The market offers a variety of vendors that provide specialized services. As a result, they offer competitive prices and, in doing so, help the company in controlling costs. 

The most flexible arrangement can be made as a pay-as-per-use service, saving significant investment costs required in infrastructure, staffing, and training. For example, various cloud storage providers provide services for their products on a usage basis. 

Greater Competitive Advantage

With changing market conditions, subcontracting allows the company to monitor cost levels and generate quality products and services for its end-users.

For example, if the tech environment changes for smartphones, manufacturers can contact up-to-age vendors for their support to keep up with the evolving market. 

Shared Risks

While operations are subcontracted, the outsourcer bears the risk for the parts of tasks it carries out. This sharing of risks makes the company exposed to lesser risk elements. 

For example, a company contracting another party to perform a project makes the other party susceptible to risks. So, in a way, both parties have shared risks. 

Disadvantages Of Outsourcing

While outsourcing has advantages, the other side paints a different picture. For example, involving a third party in internal business operations carries risks; however, weighing the cons helps the company make sound decisions. 

These are some of the disadvantages to consider before making a third-party contract

Company Loses Control

Contracting part of operations to a third party leads to a shift in managerial control, which makes the company redundant in its responsibilities. Losing control can also be in the form where both parties have confusion related to the objectives and goals of the project. 

Communicating one's specifications and expectations about a project mitigates the control risk. For example, if a company wanted the end goal of a project to be a report-based output and the outsourcer has come up with ppt base, it results in miscommunication of end goals and production. 

Involvement Of Hidden Costs

While failing to consider costs such as exchange rate conversion for domestic currency or inflation, management can estimate lesser costs than budgeted. 

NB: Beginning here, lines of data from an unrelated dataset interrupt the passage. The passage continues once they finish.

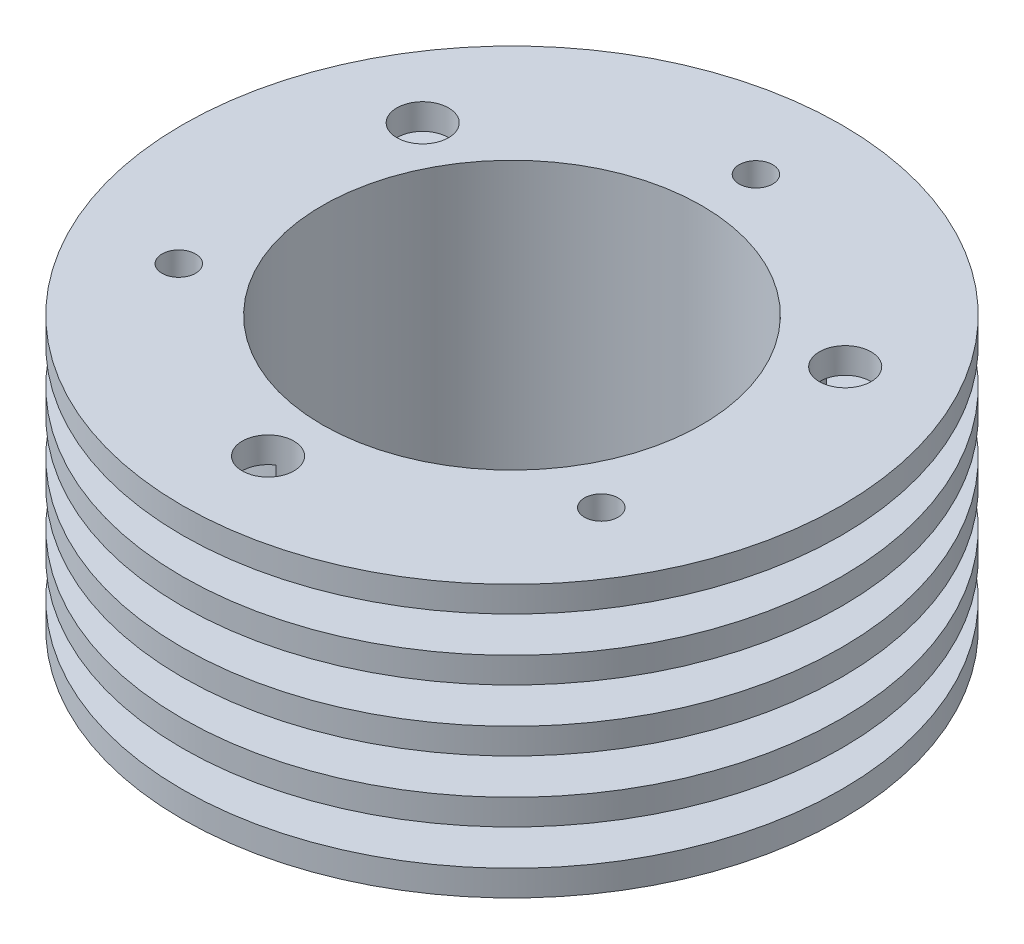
ISO-10303-21;
HEADER;
FILE_DESCRIPTION(('STEP AP214'),'2;1');
FILE_NAME('part.step','',(''),(''),'','','');
FILE_SCHEMA(('AUTOMOTIVE_DESIGN { 1 0 10303 214 1 1 1 1 }'));
ENDSEC;
DATA;
#1=APPLICATION_CONTEXT('core data for automotive mechanical design processes');
#2=APPLICATION_PROTOCOL_DEFINITION('international standard','automotive_design',2000,#1);
#3=PRODUCT_CONTEXT('',#1,'mechanical');
#4=PRODUCT('Part','Part','',(#3));
#5=PRODUCT_RELATED_PRODUCT_CATEGORY('part','',(#4));
#6=PRODUCT_DEFINITION_FORMATION('','',#4);
#7=PRODUCT_DEFINITION_CONTEXT('part definition',#1,'design');
#8=PRODUCT_DEFINITION('design','',#6,#7);
#9=PRODUCT_DEFINITION_SHAPE('','',#8);
#10=(LENGTH_UNIT() NAMED_UNIT(*) SI_UNIT(.MILLI.,.METRE.));
#11=(NAMED_UNIT(*) PLANE_ANGLE_UNIT() SI_UNIT($,.RADIAN.));
#12=(NAMED_UNIT(*) SI_UNIT($,.STERADIAN.) SOLID_ANGLE_UNIT());
#13=UNCERTAINTY_MEASURE_WITH_UNIT(LENGTH_MEASURE(1.E-05),#10,'distance_accuracy_value','');
#14=(GEOMETRIC_REPRESENTATION_CONTEXT(3) GLOBAL_UNCERTAINTY_ASSIGNED_CONTEXT((#13)) GLOBAL_UNIT_ASSIGNED_CONTEXT((#10,
#11,#12)) REPRESENTATION_CONTEXT('',''));
#15=CARTESIAN_POINT('',(0.,0.,0.));
#16=DIRECTION('',(0.,0.,1.));
#17=DIRECTION('',(1.,0.,0.));
#18=AXIS2_PLACEMENT_3D('',#15,#16,#17);
#19=CARTESIAN_POINT('',(0.,-29.8703999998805,0.));
#20=DIRECTION('',(0.,1.,0.));
#21=DIRECTION('',(0.,0.,1.));
#22=AXIS2_PLACEMENT_3D('',#19,#20,#21);
#23=CYLINDRICAL_SURFACE('',#22,31.242);
#24=CARTESIAN_POINT('',(0.,-5.82506666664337,0.));
#25=DIRECTION('',(0.,1.,0.));
#26=DIRECTION('',(0.,0.,1.));
#27=AXIS2_PLACEMENT_3D('',#24,#25,#26);
#28=CIRCLE('',#27,31.242);
#29=CARTESIAN_POINT('',(0.,-5.82506666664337,31.242));
#30=VERTEX_POINT('',#29);
#31=EDGE_CURVE('E20',#30,#30,#28,.T.);
#32=ORIENTED_EDGE('',*,*,#31,.F.);
#33=EDGE_LOOP('',(#32));
#34=FACE_BOUND('',#33,.T.);
#35=CARTESIAN_POINT('',(0.,-8.26346666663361,0.));
#36=DIRECTION('',(0.,1.,0.));
#37=DIRECTION('',(0.,0.,1.));
#38=AXIS2_PLACEMENT_3D('',#35,#36,#37);
#39=CIRCLE('',#38,31.242);
#40=CARTESIAN_POINT('',(0.,-8.26346666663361,31.242));
#41=VERTEX_POINT('',#40);
#42=EDGE_CURVE('E358',#41,#41,#39,.T.);
#43=ORIENTED_EDGE('',*,*,#42,.T.);
#44=EDGE_LOOP('',(#43));
#45=FACE_BOUND('',#44,.T.);
#46=ADVANCED_FACE('F17',(#34,#45),#23,.T.);
#47=CARTESIAN_POINT('',(0.,0.,-23.114));
#48=DIRECTION('',(0.,-1.,0.));
#49=DIRECTION('',(0.,0.,-1.));
#50=AXIS2_PLACEMENT_3D('',#47,#48,#49);
#51=CYLINDRICAL_SURFACE('',#50,1.591818);
#52=CARTESIAN_POINT('',(0.,-8.26346666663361,-23.114));
#53=DIRECTION('',(0.,-1.,0.));
#54=DIRECTION('',(0.,0.,-1.));
#55=AXIS2_PLACEMENT_3D('',#52,#53,#54);
#56=CIRCLE('',#55,1.591818);
#57=CARTESIAN_POINT('',(0.,-8.26346666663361,-24.705818));
#58=VERTEX_POINT('',#57);
#59=EDGE_CURVE('E349',#58,#58,#56,.T.);
#60=ORIENTED_EDGE('',*,*,#59,.T.);
#61=EDGE_LOOP('',(#60));
#62=FACE_BOUND('',#61,.T.);
#63=CARTESIAN_POINT('',(0.,-5.82506666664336,-23.114));
#64=DIRECTION('',(0.,-1.,0.));
#65=DIRECTION('',(0.,0.,-1.));
#66=AXIS2_PLACEMENT_3D('',#63,#64,#65);
#67=CIRCLE('',#66,1.591818);
#68=CARTESIAN_POINT('',(0.,-5.82506666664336,-24.705818));
#69=VERTEX_POINT('',#68);
#70=EDGE_CURVE('E367',#69,#69,#67,.T.);
#71=ORIENTED_EDGE('',*,*,#70,.F.);
#72=EDGE_LOOP('',(#71));
#73=FACE_BOUND('',#72,.T.);
#74=ADVANCED_FACE('F383',(#62,#73),#51,.F.);
#75=CARTESIAN_POINT('',(-20.0173111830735,0.,11.557));
#76=DIRECTION('',(0.,-1.,0.));
#77=DIRECTION('',(0.,0.,-1.));
#78=AXIS2_PLACEMENT_3D('',#75,#76,#77);
#79=CYLINDRICAL_SURFACE('',#78,1.591818);
#80=CARTESIAN_POINT('',(-20.0173111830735,-8.26346666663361,11.557));
#81=DIRECTION('',(0.,-1.,0.));
#82=DIRECTION('',(0.,0.,-1.));
#83=AXIS2_PLACEMENT_3D('',#80,#81,#82);
#84=CIRCLE('',#83,1.591818);
#85=CARTESIAN_POINT('',(-20.0173111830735,-8.26346666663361,9.965182));
#86=VERTEX_POINT('',#85);
#87=EDGE_CURVE('E346',#86,#86,#84,.T.);
#88=ORIENTED_EDGE('',*,*,#87,.T.);
#89=EDGE_LOOP('',(#88));
#90=FACE_BOUND('',#89,.T.);
#91=CARTESIAN_POINT('',(-20.0173111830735,-5.82506666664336,11.557));
#92=DIRECTION('',(0.,-1.,0.));
#93=DIRECTION('',(0.,0.,-1.));
#94=AXIS2_PLACEMENT_3D('',#91,#92,#93);
#95=CIRCLE('',#94,1.591818);
#96=CARTESIAN_POINT('',(-20.0173111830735,-5.82506666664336,9.965182));
#97=VERTEX_POINT('',#96);
#98=EDGE_CURVE('E364',#97,#97,#95,.T.);
#99=ORIENTED_EDGE('',*,*,#98,.F.);
#100=EDGE_LOOP('',(#99));
#101=FACE_BOUND('',#100,.T.);
#102=ADVANCED_FACE('F505',(#90,#101),#79,.F.);
#103=CARTESIAN_POINT('',(20.0173111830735,0.,11.557));
#104=DIRECTION('',(0.,-1.,0.));
#105=DIRECTION('',(0.,0.,-1.));
#106=AXIS2_PLACEMENT_3D('',#103,#104,#105);
#107=CYLINDRICAL_SURFACE('',#106,1.591818);
#108=CARTESIAN_POINT('',(20.0173111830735,-8.26346666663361,11.557));
#109=DIRECTION('',(0.,-1.,0.));
#110=DIRECTION('',(0.,0.,-1.));
#111=AXIS2_PLACEMENT_3D('',#108,#109,#110);
#112=CIRCLE('',#111,1.591818);
#113=CARTESIAN_POINT('',(20.0173111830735,-8.26346666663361,9.96518199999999));
#114=VERTEX_POINT('',#113);
#115=EDGE_CURVE('E343',#114,#114,#112,.T.);
#116=ORIENTED_EDGE('',*,*,#115,.T.);
#117=EDGE_LOOP('',(#116));
#118=FACE_BOUND('',#117,.T.);
#119=CARTESIAN_POINT('',(20.0173111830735,-5.82506666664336,11.557));
#120=DIRECTION('',(0.,-1.,0.));
#121=DIRECTION('',(0.,0.,-1.));
#122=AXIS2_PLACEMENT_3D('',#119,#120,#121);
#123=CIRCLE('',#122,1.591818);
#124=CARTESIAN_POINT('',(20.0173111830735,-5.82506666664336,9.96518199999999));
#125=VERTEX_POINT('',#124);
#126=EDGE_CURVE('E361',#125,#125,#123,.T.);
#127=ORIENTED_EDGE('',*,*,#126,.F.);
#128=EDGE_LOOP('',(#127));
#129=FACE_BOUND('',#128,.T.);
#130=ADVANCED_FACE('F494',(#118,#129),#107,.F.);
#131=CARTESIAN_POINT('',(0.,-29.8703999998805,0.));
#132=DIRECTION('',(0.,1.,0.));
#133=DIRECTION('',(0.,0.,1.));
#134=AXIS2_PLACEMENT_3D('',#131,#132,#133);
#135=CYLINDRICAL_SURFACE('',#134,31.242);
#136=CARTESIAN_POINT('',(0.,-11.6501333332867,0.));
#137=DIRECTION('',(0.,1.,0.));
#138=DIRECTION('',(0.,0.,1.));
#139=AXIS2_PLACEMENT_3D('',#136,#137,#138);
#140=CIRCLE('',#139,31.242);
#141=CARTESIAN_POINT('',(0.,-11.6501333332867,31.242));
#142=VERTEX_POINT('',#141);
#143=EDGE_CURVE('E337',#142,#142,#140,.T.);
#144=ORIENTED_EDGE('',*,*,#143,.F.);
#145=EDGE_LOOP('',(#144));
#146=FACE_BOUND('',#145,.T.);
#147=CARTESIAN_POINT('',(0.,-14.088533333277,0.));
#148=DIRECTION('',(0.,1.,0.));
#149=DIRECTION('',(0.,0.,1.));
#150=AXIS2_PLACEMENT_3D('',#147,#148,#149);
#151=CIRCLE('',#150,31.242);
#152=CARTESIAN_POINT('',(0.,-14.088533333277,31.242));
#153=VERTEX_POINT('',#152);
#154=EDGE_CURVE('E325',#153,#153,#151,.T.);
#155=ORIENTED_EDGE('',*,*,#154,.T.);
#156=EDGE_LOOP('',(#155));
#157=FACE_BOUND('',#156,.T.);
#158=ADVANCED_FACE('F490',(#146,#157),#135,.T.);
#159=CARTESIAN_POINT('',(0.,-29.8703999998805,0.));
#160=DIRECTION('',(0.,1.,0.));
#161=DIRECTION('',(0.,0.,1.));
#162=AXIS2_PLACEMENT_3D('',#159,#160,#161);
#163=CYLINDRICAL_SURFACE('',#162,31.242);
#164=CARTESIAN_POINT('',(0.,-17.4751999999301,0.));
#165=DIRECTION('',(0.,1.,0.));
#166=DIRECTION('',(0.,0.,1.));
#167=AXIS2_PLACEMENT_3D('',#164,#165,#166);
#168=CIRCLE('',#167,31.242);
#169=CARTESIAN_POINT('',(0.,-17.4751999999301,31.242));
#170=VERTEX_POINT('',#169);
#171=EDGE_CURVE('E313',#170,#170,#168,.T.);
#172=ORIENTED_EDGE('',*,*,#171,.F.);
#173=EDGE_LOOP('',(#172));
#174=FACE_BOUND('',#173,.T.);
#175=CARTESIAN_POINT('',(0.,-19.9135999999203,0.));
#176=DIRECTION('',(0.,1.,0.));
#177=DIRECTION('',(0.,0.,1.));
#178=AXIS2_PLACEMENT_3D('',#175,#176,#177);
#179=CIRCLE('',#178,31.242);
#180=CARTESIAN_POINT('',(0.,-19.9135999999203,31.242));
#181=VERTEX_POINT('',#180);
#182=EDGE_CURVE('E301',#181,#181,#179,.T.);
#183=ORIENTED_EDGE('',*,*,#182,.T.);
#184=EDGE_LOOP('',(#183));
#185=FACE_BOUND('',#184,.T.);
#186=ADVANCED_FACE('F493',(#174,#185),#163,.T.);
#187=CARTESIAN_POINT('',(0.,-29.8703999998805,0.));
#188=DIRECTION('',(0.,1.,0.));
#189=DIRECTION('',(0.,0.,1.));
#190=AXIS2_PLACEMENT_3D('',#187,#188,#189);
#191=CYLINDRICAL_SURFACE('',#190,31.242);
#192=CARTESIAN_POINT('',(0.,-23.3002666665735,0.));
#193=DIRECTION('',(0.,1.,0.));
#194=DIRECTION('',(0.,0.,1.));
#195=AXIS2_PLACEMENT_3D('',#192,#193,#194);
#196=CIRCLE('',#195,31.242);
#197=CARTESIAN_POINT('',(0.,-23.3002666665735,31.242));
#198=VERTEX_POINT('',#197);
#199=EDGE_CURVE('E289',#198,#198,#196,.T.);
#200=ORIENTED_EDGE('',*,*,#199,.F.);
#201=EDGE_LOOP('',(#200));
#202=FACE_BOUND('',#201,.T.);
#203=CARTESIAN_POINT('',(0.,-25.7386666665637,0.));
#204=DIRECTION('',(0.,1.,0.));
#205=DIRECTION('',(0.,0.,1.));
#206=AXIS2_PLACEMENT_3D('',#203,#204,#205);
#207=CIRCLE('',#206,31.242);
#208=CARTESIAN_POINT('',(0.,-25.7386666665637,31.242));
#209=VERTEX_POINT('',#208);
#210=EDGE_CURVE('E277',#209,#209,#207,.T.);
#211=ORIENTED_EDGE('',*,*,#210,.T.);
#212=EDGE_LOOP('',(#211));
#213=FACE_BOUND('',#212,.T.);
#214=ADVANCED_FACE('F502',(#202,#213),#191,.T.);
#215=CARTESIAN_POINT('',(0.,-29.8703999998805,0.));
#216=DIRECTION('',(0.,1.,0.));
#217=DIRECTION('',(0.,0.,1.));
#218=AXIS2_PLACEMENT_3D('',#215,#216,#217);
#219=CYLINDRICAL_SURFACE('',#218,21.082);
#220=CARTESIAN_POINT('',(0.,-28.4479999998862,0.));
#221=DIRECTION('',(0.,1.,0.));
#222=DIRECTION('',(0.,0.,1.));
#223=AXIS2_PLACEMENT_3D('',#220,#221,#222);
#224=CIRCLE('',#223,21.082);
#225=CARTESIAN_POINT('',(1.30844953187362,-28.4479999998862,21.041356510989));
#226=VERTEX_POINT('',#225);
#227=CARTESIAN_POINT('',(18.8765740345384,-28.4479999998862,-9.38752772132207));
#228=VERTEX_POINT('',#227);
#229=EDGE_CURVE('E224',#226,#228,#224,.T.);
#230=ORIENTED_EDGE('',*,*,#229,.T.);
#231=DIRECTION('',(0.,-1.,0.));
#232=VECTOR('',#231,1.);
#233=CARTESIAN_POINT('',(18.8765740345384,0.,-9.38752772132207));
#234=LINE('',#233,#232);
#235=CARTESIAN_POINT('',(18.8765740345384,-25.7386666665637,-9.38752772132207));
#236=VERTEX_POINT('',#235);
#237=EDGE_CURVE('E561',#228,#236,#234,.F.);
#238=ORIENTED_EDGE('',*,*,#237,.T.);
#239=CARTESIAN_POINT('',(0.,-25.7386666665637,0.));
#240=DIRECTION('',(0.,1.,0.));
#241=DIRECTION('',(0.,0.,1.));
#242=AXIS2_PLACEMENT_3D('',#239,#240,#241);
#243=CIRCLE('',#242,21.082);
#244=CARTESIAN_POINT('',(1.30844953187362,-25.7386666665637,21.041356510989));
#245=VERTEX_POINT('',#244);
#246=EDGE_CURVE('E227',#236,#245,#243,.F.);
#247=ORIENTED_EDGE('',*,*,#246,.T.);
#248=DIRECTION('',(0.,-1.,0.));
#249=VECTOR('',#248,1.);
#250=CARTESIAN_POINT('',(1.30844953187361,0.,21.041356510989));
#251=LINE('',#250,#249);
#252=EDGE_CURVE('E221',#245,#226,#251,.T.);
#253=ORIENTED_EDGE('',*,*,#252,.T.);
#254=EDGE_LOOP('',(#230,#238,#247,#253));
#255=FACE_BOUND('',#254,.T.);
#256=ADVANCED_FACE('F223',(#255),#219,.T.);
#257=CARTESIAN_POINT('',(0.,-29.8703999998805,0.));
#258=DIRECTION('',(0.,1.,0.));
#259=DIRECTION('',(0.,0.,1.));
#260=AXIS2_PLACEMENT_3D('',#257,#258,#259);
#261=CYLINDRICAL_SURFACE('',#260,21.082);
#262=CARTESIAN_POINT('',(0.,-23.3002666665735,0.));
#263=DIRECTION('',(0.,1.,0.));
#264=DIRECTION('',(0.,0.,1.));
#265=AXIS2_PLACEMENT_3D('',#262,#263,#264);
#266=CIRCLE('',#265,21.082);
#267=CARTESIAN_POINT('',(18.8765740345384,-23.3002666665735,-9.38752772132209));
#268=VERTEX_POINT('',#267);
#269=CARTESIAN_POINT('',(1.30844953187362,-23.3002666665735,21.041356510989));
#270=VERTEX_POINT('',#269);
#271=EDGE_CURVE('E283',#268,#270,#266,.F.);
#272=ORIENTED_EDGE('',*,*,#271,.F.);
#273=DIRECTION('',(0.,-1.,0.));
#274=VECTOR('',#273,1.);
#275=CARTESIAN_POINT('',(18.8765740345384,0.,-9.38752772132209));
#276=LINE('',#275,#274);
#277=CARTESIAN_POINT('',(18.8765740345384,-19.9135999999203,-9.38752772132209));
#278=VERTEX_POINT('',#277);
#279=EDGE_CURVE('E555',#268,#278,#276,.F.);
#280=ORIENTED_EDGE('',*,*,#279,.T.);
#281=CARTESIAN_POINT('',(0.,-19.9135999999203,0.));
#282=DIRECTION('',(0.,1.,0.));
#283=DIRECTION('',(0.,0.,1.));
#284=AXIS2_PLACEMENT_3D('',#281,#282,#283);
#285=CIRCLE('',#284,21.082);
#286=CARTESIAN_POINT('',(1.30844953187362,-19.9135999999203,21.041356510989));
#287=VERTEX_POINT('',#286);
#288=EDGE_CURVE('E295',#278,#287,#285,.F.);
#289=ORIENTED_EDGE('',*,*,#288,.T.);
#290=DIRECTION('',(0.,-1.,0.));
#291=VECTOR('',#290,1.);
#292=CARTESIAN_POINT('',(1.30844953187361,0.,21.041356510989));
#293=LINE('',#292,#291);
#294=EDGE_CURVE('E232',#287,#270,#293,.T.);
#295=ORIENTED_EDGE('',*,*,#294,.T.);
#296=EDGE_LOOP('',(#272,#280,#289,#295));
#297=FACE_BOUND('',#296,.T.);
#298=ADVANCED_FACE('F747',(#297),#261,.T.);
#299=CARTESIAN_POINT('',(0.,-29.8703999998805,0.));
#300=DIRECTION('',(0.,1.,0.));
#301=DIRECTION('',(0.,0.,1.));
#302=AXIS2_PLACEMENT_3D('',#299,#300,#301);
#303=CYLINDRICAL_SURFACE('',#302,21.082);
#304=CARTESIAN_POINT('',(0.,-17.4751999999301,0.));
#305=DIRECTION('',(0.,1.,0.));
#306=DIRECTION('',(0.,0.,1.));
#307=AXIS2_PLACEMENT_3D('',#304,#305,#306);
#308=CIRCLE('',#307,21.082);
#309=CARTESIAN_POINT('',(18.8765740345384,-17.4751999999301,-9.38752772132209));
#310=VERTEX_POINT('',#309);
#311=CARTESIAN_POINT('',(1.30844953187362,-17.4751999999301,21.041356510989));
#312=VERTEX_POINT('',#311);
#313=EDGE_CURVE('E307',#310,#312,#308,.F.);
#314=ORIENTED_EDGE('',*,*,#313,.F.);
#315=DIRECTION('',(0.,-1.,0.));
#316=VECTOR('',#315,1.);
#317=CARTESIAN_POINT('',(18.8765740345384,0.,-9.38752772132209));
#318=LINE('',#317,#316);
#319=CARTESIAN_POINT('',(18.8765740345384,-14.088533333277,-9.38752772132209));
#320=VERTEX_POINT('',#319);
#321=EDGE_CURVE('E549',#310,#320,#318,.F.);
#322=ORIENTED_EDGE('',*,*,#321,.T.);
#323=CARTESIAN_POINT('',(0.,-14.088533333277,0.));
#324=DIRECTION('',(0.,1.,0.));
#325=DIRECTION('',(0.,0.,1.));
#326=AXIS2_PLACEMENT_3D('',#323,#324,#325);
#327=CIRCLE('',#326,21.082);
#328=CARTESIAN_POINT('',(1.30844953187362,-14.088533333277,21.041356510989));
#329=VERTEX_POINT('',#328);
#330=EDGE_CURVE('E319',#320,#329,#327,.F.);
#331=ORIENTED_EDGE('',*,*,#330,.T.);
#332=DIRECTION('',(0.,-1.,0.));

Intangible costs such as backlash from domestic labor organizations or loss of security data can hamper one's brand and halt operations.

For example, a contract has specific terms and conditions that include payment of hidden costs, such as due to inflation; the company will pay x% of the amount.

Security Risks

When another party takes over a project or operations, the transfer of company data occurs, raising concerns about security risks. In addition, hackers, unethical sources, and competitors can use the data to hamper a company's image.

For example, subcontracting a company's IT needs contains the highest security risk. A company has to give up control over its internal data. A company can be at risk if the cloud software reveals customer data or crucial trade secrets. 

Reduction In Quality Control

The workers in an organization determine the quality of work as an output. Therefore, companies that are stringent in their quality control measures for their products and services may find it difficult to control the quality. 

For example, contracting to manufacture fast fashion clothes sometimes results in terrible quality products, which hamper the brand image of an organization. 

Untimely Shipment Of Deliverables

While employees work in different time zones, deploying cheap labor from developing countries can result in the untimely submission of deliverables. In a time-constraint project, this can hamper the efficiency of ongoing operations. 

For example, the time difference between India and the USA is 12 hours. Therefore, when done to employees residing in India, the delegation of work can hold up delays when time is a constraint.